(Dataset excerpts)
-*-
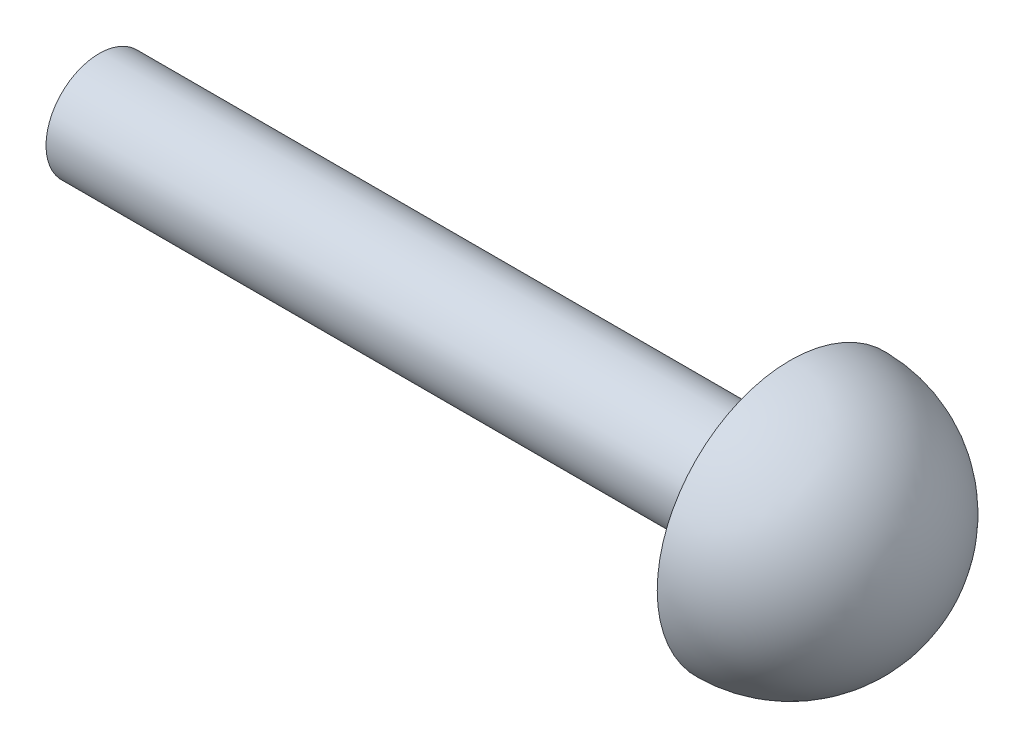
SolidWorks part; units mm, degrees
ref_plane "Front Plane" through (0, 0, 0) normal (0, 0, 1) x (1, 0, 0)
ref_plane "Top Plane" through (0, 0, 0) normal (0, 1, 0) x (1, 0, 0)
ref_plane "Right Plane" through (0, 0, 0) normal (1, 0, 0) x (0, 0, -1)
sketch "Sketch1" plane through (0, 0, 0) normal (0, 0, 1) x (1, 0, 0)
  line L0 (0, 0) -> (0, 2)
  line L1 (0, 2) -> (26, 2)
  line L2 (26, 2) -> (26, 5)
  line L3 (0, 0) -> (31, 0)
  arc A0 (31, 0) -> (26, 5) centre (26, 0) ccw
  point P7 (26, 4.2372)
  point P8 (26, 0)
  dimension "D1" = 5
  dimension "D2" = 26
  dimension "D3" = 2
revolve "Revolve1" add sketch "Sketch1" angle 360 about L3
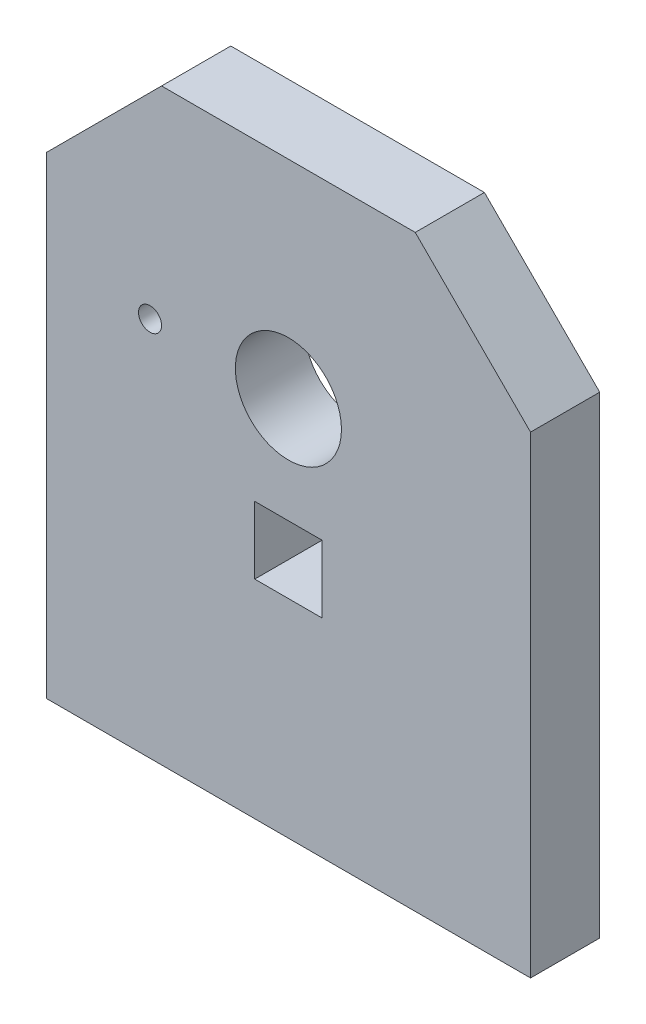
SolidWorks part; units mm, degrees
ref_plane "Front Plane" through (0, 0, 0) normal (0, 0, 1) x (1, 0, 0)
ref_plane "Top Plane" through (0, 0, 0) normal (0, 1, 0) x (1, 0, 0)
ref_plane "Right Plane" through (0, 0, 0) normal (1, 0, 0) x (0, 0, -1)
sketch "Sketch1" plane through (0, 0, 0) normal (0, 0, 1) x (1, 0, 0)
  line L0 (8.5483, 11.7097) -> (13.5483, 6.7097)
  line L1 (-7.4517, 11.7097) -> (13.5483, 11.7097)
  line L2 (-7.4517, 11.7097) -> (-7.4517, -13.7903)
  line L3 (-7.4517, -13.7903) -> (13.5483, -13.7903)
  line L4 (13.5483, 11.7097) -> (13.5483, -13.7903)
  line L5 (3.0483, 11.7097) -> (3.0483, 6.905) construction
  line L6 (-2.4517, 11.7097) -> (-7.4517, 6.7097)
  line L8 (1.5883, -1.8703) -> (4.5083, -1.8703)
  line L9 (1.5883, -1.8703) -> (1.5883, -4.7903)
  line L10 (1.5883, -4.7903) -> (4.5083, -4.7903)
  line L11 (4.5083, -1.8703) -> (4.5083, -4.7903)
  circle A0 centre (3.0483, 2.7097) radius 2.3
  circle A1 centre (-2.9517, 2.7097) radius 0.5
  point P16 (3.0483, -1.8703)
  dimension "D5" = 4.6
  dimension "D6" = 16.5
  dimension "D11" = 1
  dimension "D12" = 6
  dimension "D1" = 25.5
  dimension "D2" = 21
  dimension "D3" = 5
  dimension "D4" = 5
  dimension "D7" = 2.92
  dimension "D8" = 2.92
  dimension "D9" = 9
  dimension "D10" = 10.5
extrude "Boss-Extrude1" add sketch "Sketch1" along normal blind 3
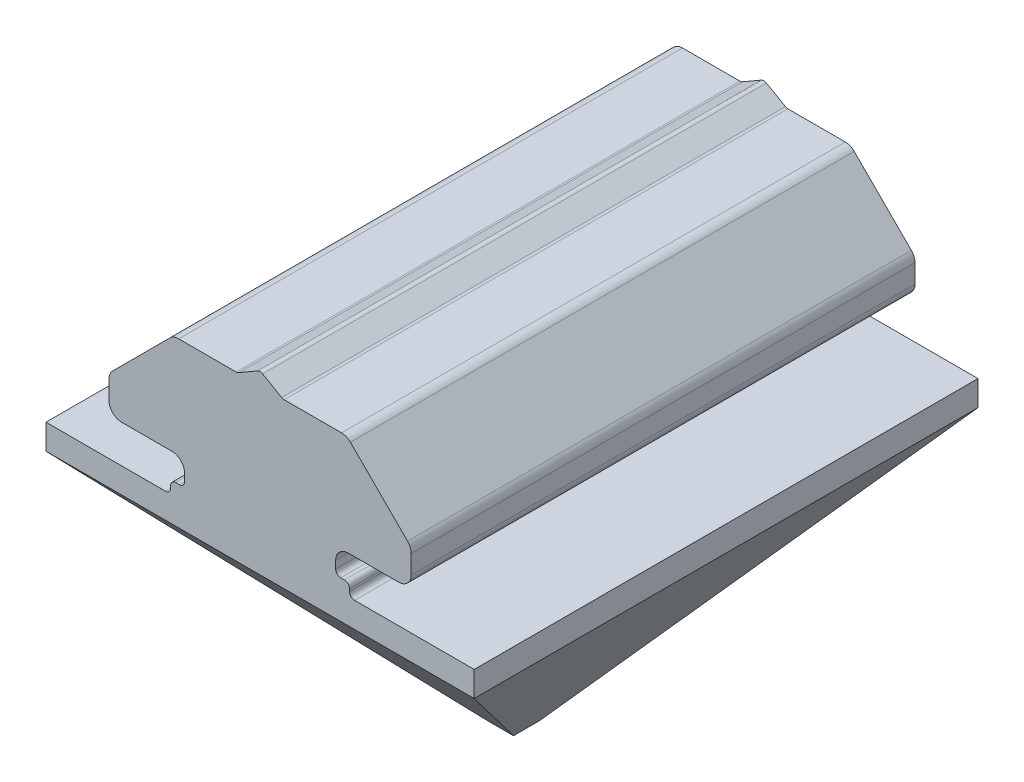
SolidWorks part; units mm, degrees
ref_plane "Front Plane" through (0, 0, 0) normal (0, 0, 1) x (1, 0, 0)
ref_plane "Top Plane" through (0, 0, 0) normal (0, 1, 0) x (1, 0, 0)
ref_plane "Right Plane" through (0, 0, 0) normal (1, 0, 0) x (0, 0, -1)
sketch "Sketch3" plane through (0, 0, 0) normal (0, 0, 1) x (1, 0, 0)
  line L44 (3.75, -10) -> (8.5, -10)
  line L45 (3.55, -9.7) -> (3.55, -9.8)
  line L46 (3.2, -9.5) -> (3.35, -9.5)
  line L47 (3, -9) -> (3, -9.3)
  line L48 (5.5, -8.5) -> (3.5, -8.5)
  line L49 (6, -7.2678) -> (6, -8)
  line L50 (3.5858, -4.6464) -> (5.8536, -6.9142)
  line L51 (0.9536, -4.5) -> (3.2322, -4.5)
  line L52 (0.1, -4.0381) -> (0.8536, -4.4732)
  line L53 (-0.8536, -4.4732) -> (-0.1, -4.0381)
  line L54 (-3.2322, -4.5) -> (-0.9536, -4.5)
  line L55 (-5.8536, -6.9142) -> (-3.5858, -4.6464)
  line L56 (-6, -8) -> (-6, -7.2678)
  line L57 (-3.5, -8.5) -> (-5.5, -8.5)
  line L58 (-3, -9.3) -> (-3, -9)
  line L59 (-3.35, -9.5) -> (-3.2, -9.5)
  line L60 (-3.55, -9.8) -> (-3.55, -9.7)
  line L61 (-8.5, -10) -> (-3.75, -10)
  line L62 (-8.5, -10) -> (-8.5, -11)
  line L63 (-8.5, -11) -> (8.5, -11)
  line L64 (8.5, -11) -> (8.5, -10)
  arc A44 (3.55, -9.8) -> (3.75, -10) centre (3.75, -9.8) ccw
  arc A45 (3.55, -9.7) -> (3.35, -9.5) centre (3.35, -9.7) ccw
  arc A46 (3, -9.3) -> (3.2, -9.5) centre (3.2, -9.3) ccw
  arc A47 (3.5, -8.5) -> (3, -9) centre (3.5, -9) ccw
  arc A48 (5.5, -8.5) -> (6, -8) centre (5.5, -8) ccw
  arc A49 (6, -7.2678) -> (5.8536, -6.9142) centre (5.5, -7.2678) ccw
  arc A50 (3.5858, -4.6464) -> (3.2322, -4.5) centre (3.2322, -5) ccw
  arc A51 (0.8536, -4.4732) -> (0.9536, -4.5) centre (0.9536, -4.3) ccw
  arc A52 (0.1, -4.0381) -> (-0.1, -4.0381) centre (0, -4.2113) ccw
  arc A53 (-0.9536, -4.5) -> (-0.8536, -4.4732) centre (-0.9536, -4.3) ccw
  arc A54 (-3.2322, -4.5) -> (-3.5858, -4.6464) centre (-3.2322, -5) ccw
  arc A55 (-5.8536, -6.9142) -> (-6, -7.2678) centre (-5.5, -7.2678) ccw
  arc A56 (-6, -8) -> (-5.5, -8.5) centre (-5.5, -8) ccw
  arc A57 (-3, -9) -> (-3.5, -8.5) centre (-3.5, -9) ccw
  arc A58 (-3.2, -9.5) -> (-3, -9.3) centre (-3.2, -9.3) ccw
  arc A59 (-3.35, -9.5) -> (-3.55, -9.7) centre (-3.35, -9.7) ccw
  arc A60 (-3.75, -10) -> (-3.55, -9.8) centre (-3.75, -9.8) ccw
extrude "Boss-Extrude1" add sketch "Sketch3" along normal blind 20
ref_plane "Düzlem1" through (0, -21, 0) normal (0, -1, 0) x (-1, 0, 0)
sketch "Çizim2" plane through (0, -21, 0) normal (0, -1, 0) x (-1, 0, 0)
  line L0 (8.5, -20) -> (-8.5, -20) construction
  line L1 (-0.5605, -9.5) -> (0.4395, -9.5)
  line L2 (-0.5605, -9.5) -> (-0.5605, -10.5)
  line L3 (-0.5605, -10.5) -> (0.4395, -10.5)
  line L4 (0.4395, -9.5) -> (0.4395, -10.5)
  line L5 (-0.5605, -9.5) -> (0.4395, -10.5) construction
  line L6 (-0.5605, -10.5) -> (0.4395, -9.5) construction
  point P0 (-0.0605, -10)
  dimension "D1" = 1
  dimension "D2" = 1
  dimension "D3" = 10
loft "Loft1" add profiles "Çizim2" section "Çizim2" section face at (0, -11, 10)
-*-
■ What the task requires ■
Exact repetition of all entries is required. The pictures should not appear.

■ Result for this task ■
SolidWorks part; units mm, degrees
ref_plane "Front Plane" through (0, 0, 0) normal (0, 0, 1) x (1, 0, 0)
ref_plane "Top Plane" through (0, 0, 0) normal (0, 1, 0) x (1, 0, 0)
ref_plane "Right Plane" through (0, 0, 0) normal (1, 0, 0) x (0, 0, -1)
sketch "Sketch1" plane through (0, 0, 0) normal (0, 0, 1) x (1, 0, 0)
  line L0 (0, 0) -> (0, 2)
  line L1 (0, 2) -> (26, 2)
  line L2 (26, 2) -> (26, 5)
  line L3 (0, 0) -> (31, 0)
  arc A0 (31, 0) -> (26, 5) centre (26, 0) ccw
  point P7 (26, 4.2372)
  point P8 (26, 0)
  dimension "D1" = 5
  dimension "D2" = 26
  dimension "D3" = 2
revolve "Revolve1" add sketch "Sketch1" angle 360 about L3
SolidWorks part; units mm, degrees
ref_plane "Front Plane" through (0, 0, 0) normal (0, 0, 1) x (1, 0, 0)
ref_plane "Top Plane" through (0, 0, 0) normal (0, 1, 0) x (1, 0, 0)
ref_plane "Right Plane" through (0, 0, 0) normal (1, 0, 0) x (0, 0, -1)
sketch "Sketch1" plane through (0, 0, 0) normal (0, 0, 1) x (1, 0, 0)
  line L0 (8.5483, 11.7097) -> (13.5483, 6.7097)
  line L1 (-7.4517, 11.7097) -> (13.5483, 11.7097)
  line L2 (-7.4517, 11.7097) -> (-7.4517, -13.7903)
  line L3 (-7.4517, -13.7903) -> (13.5483, -13.7903)
  line L4 (13.5483, 11.7097) -> (13.5483, -13.7903)
  line L5 (3.0483, 11.7097) -> (3.0483, 6.905) construction
  line L6 (-2.4517, 11.7097) -> (-7.4517, 6.7097)
  line L8 (1.5883, -1.8703) -> (4.5083, -1.8703)
  line L9 (1.5883, -1.8703) -> (1.5883, -4.7903)
  line L10 (1.5883, -4.7903) -> (4.5083, -4.7903)
  line L11 (4.5083, -1.8703) -> (4.5083, -4.7903)
  circle A0 centre (3.0483, 2.7097) radius 2.3
  circle A1 centre (-2.9517, 2.7097) radius 0.5
  point P16 (3.0483, -1.8703)
  dimension "D5" = 4.6
  dimension "D6" = 16.5
  dimension "D11" = 1
  dimension "D12" = 6
  dimension "D1" = 25.5
  dimension "D2" = 21
  dimension "D3" = 5
  dimension "D4" = 5
  dimension "D7" = 2.92
  dimension "D8" = 2.92
  dimension "D9" = 9
  dimension "D10" = 10.5
extrude "Boss-Extrude1" add sketch "Sketch1" along normal blind 3
SolidWorks part; units mm, degrees
ref_plane "Front Plane" through (0, 0, 0) normal (0, 0, 1) x (1, 0, 0)
ref_plane "Top Plane" through (0, 0, 0) normal (0, 1, 0) x (1, 0, 0)
ref_plane "Right Plane" through (0, 0, 0) normal (1, 0, 0) x (0, 0, -1)
sketch "Sketch3" plane through (0, 0, 0) normal (0, 0, 1) x (1, 0, 0)
  line L44 (3.75, -10) -> (8.5, -10)
  line L45 (3.55, -9.7) -> (3.55, -9.8)
  line L46 (3.2, -9.5) -> (3.35, -9.5)
  line L47 (3, -9) -> (3, -9.3)
  line L48 (5.5, -8.5) -> (3.5, -8.5)
  line L49 (6, -7.2678) -> (6, -8)
  line L50 (3.5858, -4.6464) -> (5.8536, -6.9142)
  line L51 (0.9536, -4.5) -> (3.2322, -4.5)
  line L52 (0.1, -4.0381) -> (0.8536, -4.4732)
  line L53 (-0.8536, -4.4732) -> (-0.1, -4.0381)
  line L54 (-3.2322, -4.5) -> (-0.9536, -4.5)
  line L55 (-5.8536, -6.9142) -> (-3.5858, -4.6464)
  line L56 (-6, -8) -> (-6, -7.2678)
  line L57 (-3.5, -8.5) -> (-5.5, -8.5)
  line L58 (-3, -9.3) -> (-3, -9)
  line L59 (-3.35, -9.5) -> (-3.2, -9.5)
  line L60 (-3.55, -9.8) -> (-3.55, -9.7)
  line L61 (-8.5, -10) -> (-3.75, -10)
  line L62 (-8.5, -10) -> (-8.5, -11)
  line L63 (-8.5, -11) -> (8.5, -11)
  line L64 (8.5, -11) -> (8.5, -10)
  arc A44 (3.55, -9.8) -> (3.75, -10) centre (3.75, -9.8) ccw
  arc A45 (3.55, -9.7) -> (3.35, -9.5) centre (3.35, -9.7) ccw
  arc A46 (3, -9.3) -> (3.2, -9.5) centre (3.2, -9.3) ccw
  arc A47 (3.5, -8.5) -> (3, -9) centre (3.5, -9) ccw
  arc A48 (5.5, -8.5) -> (6, -8) centre (5.5, -8) ccw
  arc A49 (6, -7.2678) -> (5.8536, -6.9142) centre (5.5, -7.2678) ccw
  arc A50 (3.5858, -4.6464) -> (3.2322, -4.5) centre (3.2322, -5) ccw
  arc A51 (0.8536, -4.4732) -> (0.9536, -4.5) centre (0.9536, -4.3) ccw
  arc A52 (0.1, -4.0381) -> (-0.1, -4.0381) centre (0, -4.2113) ccw
  arc A53 (-0.9536, -4.5) -> (-0.8536, -4.4732) centre (-0.9536, -4.3) ccw
  arc A54 (-3.2322, -4.5) -> (-3.5858, -4.6464) centre (-3.2322, -5) ccw
  arc A55 (-5.8536, -6.9142) -> (-6, -7.2678) centre (-5.5, -7.2678) ccw
  arc A56 (-6, -8) -> (-5.5, -8.5) centre (-5.5, -8) ccw
  arc A57 (-3, -9) -> (-3.5, -8.5) centre (-3.5, -9) ccw
  arc A58 (-3.2, -9.5) -> (-3, -9.3) centre (-3.2, -9.3) ccw
  arc A59 (-3.35, -9.5) -> (-3.55, -9.7) centre (-3.35, -9.7) ccw
  arc A60 (-3.75, -10) -> (-3.55, -9.8) centre (-3.75, -9.8) ccw
extrude "Boss-Extrude1" add sketch "Sketch3" along normal blind 20
ref_plane "Düzlem1" through (0, -21, 0) normal (0, -1, 0) x (-1, 0, 0)
sketch "Çizim2" plane through (0, -21, 0) normal (0, -1, 0) x (-1, 0, 0)
  line L0 (8.5, -20) -> (-8.5, -20) construction
  line L1 (-0.5605, -9.5) -> (0.4395, -9.5)
  line L2 (-0.5605, -9.5) -> (-0.5605, -10.5)
  line L3 (-0.5605, -10.5) -> (0.4395, -10.5)
  line L4 (0.4395, -9.5) -> (0.4395, -10.5)
  line L5 (-0.5605, -9.5) -> (0.4395, -10.5) construction
  line L6 (-0.5605, -10.5) -> (0.4395, -9.5) construction
  point P0 (-0.0605, -10)
  dimension "D1" = 1
  dimension "D2" = 1
  dimension "D3" = 10
loft "Loft1" add profiles "Çizim2" section "Çizim2" section face at (0, -11, 10)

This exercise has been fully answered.